BEGIN

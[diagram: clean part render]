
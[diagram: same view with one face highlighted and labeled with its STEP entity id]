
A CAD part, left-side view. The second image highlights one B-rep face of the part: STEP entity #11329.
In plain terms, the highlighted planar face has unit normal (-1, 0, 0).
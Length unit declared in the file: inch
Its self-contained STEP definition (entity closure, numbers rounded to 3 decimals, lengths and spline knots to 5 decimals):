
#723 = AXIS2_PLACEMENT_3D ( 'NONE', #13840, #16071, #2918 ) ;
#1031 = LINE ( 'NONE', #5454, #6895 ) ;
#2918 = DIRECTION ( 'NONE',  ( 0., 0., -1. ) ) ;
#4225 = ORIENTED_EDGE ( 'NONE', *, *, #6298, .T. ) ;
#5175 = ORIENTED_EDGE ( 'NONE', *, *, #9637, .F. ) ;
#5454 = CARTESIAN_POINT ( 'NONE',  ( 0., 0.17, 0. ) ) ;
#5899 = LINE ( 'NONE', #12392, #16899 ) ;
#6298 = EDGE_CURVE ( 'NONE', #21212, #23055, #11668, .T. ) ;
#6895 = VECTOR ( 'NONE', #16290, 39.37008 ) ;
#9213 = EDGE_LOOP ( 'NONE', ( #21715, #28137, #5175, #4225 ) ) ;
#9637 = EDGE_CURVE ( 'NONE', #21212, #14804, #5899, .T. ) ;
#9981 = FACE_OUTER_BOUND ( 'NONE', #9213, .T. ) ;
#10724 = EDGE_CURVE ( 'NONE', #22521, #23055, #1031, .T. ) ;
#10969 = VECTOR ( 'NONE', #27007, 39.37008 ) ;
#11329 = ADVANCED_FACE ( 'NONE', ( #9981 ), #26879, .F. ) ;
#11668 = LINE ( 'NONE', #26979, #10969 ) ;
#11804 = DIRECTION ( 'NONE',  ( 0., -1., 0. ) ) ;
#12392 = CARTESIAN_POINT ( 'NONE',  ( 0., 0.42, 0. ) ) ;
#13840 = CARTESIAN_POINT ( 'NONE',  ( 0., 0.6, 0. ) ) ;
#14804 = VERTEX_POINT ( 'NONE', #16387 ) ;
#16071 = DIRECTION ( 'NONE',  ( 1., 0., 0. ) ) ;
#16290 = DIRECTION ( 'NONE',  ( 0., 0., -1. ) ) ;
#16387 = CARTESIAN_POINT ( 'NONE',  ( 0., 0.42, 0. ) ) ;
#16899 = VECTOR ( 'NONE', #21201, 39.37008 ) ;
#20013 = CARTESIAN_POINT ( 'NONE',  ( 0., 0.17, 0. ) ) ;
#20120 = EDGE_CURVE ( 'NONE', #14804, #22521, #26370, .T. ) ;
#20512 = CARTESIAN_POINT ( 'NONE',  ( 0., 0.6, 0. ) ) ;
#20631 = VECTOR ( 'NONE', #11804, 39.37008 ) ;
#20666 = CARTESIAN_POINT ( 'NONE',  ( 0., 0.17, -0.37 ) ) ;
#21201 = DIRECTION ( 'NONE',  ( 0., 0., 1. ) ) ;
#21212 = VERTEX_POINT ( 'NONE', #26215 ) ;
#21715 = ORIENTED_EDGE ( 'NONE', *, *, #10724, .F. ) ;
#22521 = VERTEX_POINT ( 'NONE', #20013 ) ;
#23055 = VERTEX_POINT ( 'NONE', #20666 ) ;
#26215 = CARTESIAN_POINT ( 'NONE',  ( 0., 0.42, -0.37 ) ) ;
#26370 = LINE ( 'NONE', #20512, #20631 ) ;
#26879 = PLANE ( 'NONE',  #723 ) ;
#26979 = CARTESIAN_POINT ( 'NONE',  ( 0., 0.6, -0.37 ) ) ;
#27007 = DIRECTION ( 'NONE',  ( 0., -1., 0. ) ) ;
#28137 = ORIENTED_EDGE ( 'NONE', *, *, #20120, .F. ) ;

END

Your assignment:
Only an exact copy is wanted here: the line containing "#14804 = VERTEX_POINT ( 'NONE', #16387 ) ;" and every later line, up to and including the last line of the listing.

Answer space:
#14804 = VERTEX_POINT ( 'NONE', #16387 ) ;
#16071 = DIRECTION ( 'NONE',  ( 1., 0., 0. ) ) ;
#16290 = DIRECTION ( 'NONE',  ( 0., 0., -1. ) ) ;
#16387 = CARTESIAN_POINT ( 'NONE',  ( 0., 0.42, 0. ) ) ;
#16899 = VECTOR ( 'NONE', #21201, 39.37008 ) ;
#20013 = CARTESIAN_POINT ( 'NONE',  ( 0., 0.17, 0. ) ) ;
#20120 = EDGE_CURVE ( 'NONE', #14804, #22521, #26370, .T. ) ;
#20512 = CARTESIAN_POINT ( 'NONE',  ( 0., 0.6, 0. ) ) ;
#20631 = VECTOR ( 'NONE', #11804, 39.37008 ) ;
#20666 = CARTESIAN_POINT ( 'NONE',  ( 0., 0.17, -0.37 ) ) ;
#21201 = DIRECTION ( 'NONE',  ( 0., 0., 1. ) ) ;
#21212 = VERTEX_POINT ( 'NONE', #26215 ) ;
#21715 = ORIENTED_EDGE ( 'NONE', *, *, #10724, .F. ) ;
#22521 = VERTEX_POINT ( 'NONE', #20013 ) ;
#23055 = VERTEX_POINT ( 'NONE', #20666 ) ;
#26215 = CARTESIAN_POINT ( 'NONE',  ( 0., 0.42, -0.37 ) ) ;
#26370 = LINE ( 'NONE', #20512, #20631 ) ;
#26879 = PLANE ( 'NONE',  #723 ) ;
#26979 = CARTESIAN_POINT ( 'NONE',  ( 0., 0.6, -0.37 ) ) ;
#27007 = DIRECTION ( 'NONE',  ( 0., -1., 0. ) ) ;
#28137 = ORIENTED_EDGE ( 'NONE', *, *, #20120, .F. ) ;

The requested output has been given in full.